Border Communities Against Brexit expressed relief that a hard border with security check points appeared to have been avoided but warned the process was not over and there remained the risk of a damaging no-deal on trade.

Speaking on the Northern Ireland side of the border, campaigner Declan Fearon said: “Today we meet all the parties at Stormont and one of things we would like to impress upon them is the urgent need for both the Executive in Stormont and the Irish Government to address the issue of representation for communities.

“We are entitled to be represented in Europe, we are still part of the single market, we should have that representation at the table, even in an advisory role.

“We have actually spoken to Mr Verhofstadt (former Brexit co-ordinator for the European Parliament Guy Verhofstadt) and members of the European Union on that issue and he said they had absolutely no problem whatsoever in allowing that to happen.

“It’s up to the Irish Government especially and indeed to the new Executive at Stormont to make sure that they push for that to happen.”

Mr Fearon said people living in Northern Ireland would be “poorer” as a result of lost EU funding and their children would be denied opportunities enjoyed by young people living nearby in the Irish Republic, such as the ability to study in the EU.

“We are concerned for the people who live here and the difference there will be in the rights people will have from 50 yards on the other side of the border to where we stand now,” he said.

“We will not be entitled, going forward, to the rights we were under membership of the European Union.

“So it’s a sad day for this area and it’s a day where we are determined to continue to press all involved to make sure that we can mitigate against as many of the issues that Brexit has brought to the people of these areas.”

Former Sinn Fein leader Gerry Adams (centre), flanked by his successor Mary Lou McDonald (right) and deputy leader Michelle O’Neiil at the unveiling (Brian Lawless/PA)

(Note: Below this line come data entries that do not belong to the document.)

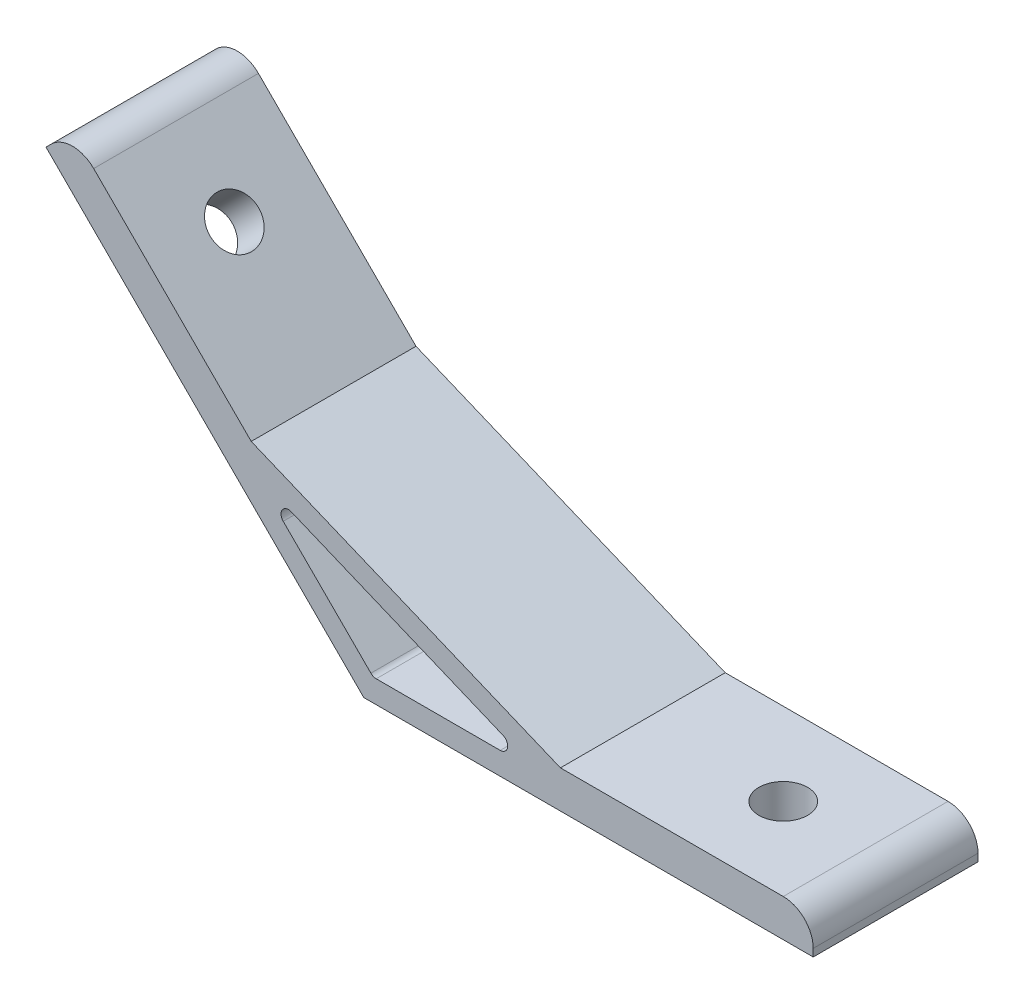
SolidWorks part; units mm, degrees
material "6063 T5"
ref_plane "Спереди" through (0, 0, 0) normal (0, 0, 1) x (1, 0, 0)
ref_plane "Сверху" through (0, 0, 0) normal (0, 1, 0) x (1, 0, 0)
ref_plane "Справа" through (0, 0, 0) normal (1, 0, 0) x (0, 0, -1)
sketch "Эскиз1" plane through (0, 0, 0) normal (0, 0, 1) x (1, 0, 0)
  line L0 (0, 0) -> (-42.4264, 42.4264)
  line L1 (-42.4264, 42.4264) -> (-38.8909, 45.9619)
  line L2 (-38.8909, 45.9619) -> (-15.0286, 22.0996)
  line L3 (-15.0286, 22.0996) -> (26.2536, 5)
  line L4 (26.2536, 5) -> (60, 5)
  line L5 (60, 5) -> (60, 0)
  line L6 (60, 0) -> (0, 0)
  line L7 (-14.3137, 18.5563) -> (23.2426, 3)
  line L8 (23.2426, 3) -> (1.2426, 3)
  line L9 (1.2426, 3) -> (-14.3137, 18.5563)
  line L10 (12.2426, 3) -> (12.2426, 0) construction
  line L11 (-6.5355, 10.7782) -> (-8.6569, 8.6569) construction
  line L12 (0, 0) -> (4.4645, 10.7782) construction
  dimension "D1" = 60
  dimension "D2" = 135
  dimension "D3" = 3
  dimension "D4" = 5
  dimension "D5" = 3
  dimension "D6" = 22
extrude "Бобышка-Вытянуть1" add sketch "Эскиз1" along normal mid plane 22
sketch "Эскиз2" plane through (0, 0, 0) normal (-0.7071, -0.7071, 0) x (0, 0, 1)
  line L0 (11, 60) -> (-11, 60) construction
  circle A0 centre (0, 45) radius 3.25
  dimension "D1" = 6.5
  dimension "D2" = 15
extrude "Вырез-Вытянуть1" cut sketch "Эскиз2" against normal up to surface (5 mm away) up to face at (-26.9597, 34.0308, 0)
sketch "Эскиз3" plane through (0, 0, 0) normal (0, -1, 0) x (1, 0, 0)
  line L0 (60, 11) -> (60, -11) construction
  circle A0 centre (45, 0) radius 3.25
  dimension "D1" = 6.5
  dimension "D2" = 15
extrude "Вырез-Вытянуть2" cut sketch "Эскиз3" against normal up to surface (5 mm away) up to face at (43.1268, 5, 0)
fillet "Скругление1" radius 4 2 edges at (60, 5, 0) (-38.8909, 45.9619, 0)
fillet "Скругление2" radius 1 3 edges at (-14.3137, 18.5563, 0) (1.2426, 3, 0) (23.2426, 3, 0)

The campaigners were joined by senior Sinn Fein figures on Friday morning on the Armagh/Lough border, among them party president Mary Lou McDonald, her predecessor Gerry Adams and vice-president Michelle O’Neill.

Ms McDonald said: “Today is a very sad day, people in the North did not consent to Brexit.

“This is not something that people on the island of Ireland want, bar a small minority.”

She praised the work done to avoid the return of a hard border but added: “The job isn’t done. Brexit is a game-changer, it’s not a one-off event, it completely recasts and reshapes the political and economic conversation across the island, between the island of Ireland and Britain, and right across the continent.

“So this isn’t an end point, this is very much a beginning.”

The Sinn Fein leader said Brexit had accelerated the conversation for unification but she denied it might actually be seen as a good thing in the context of the campaign for achieving unity.

“No thoughtful person would regard Brexit as anything other than bad news for the island of Ireland,” she said.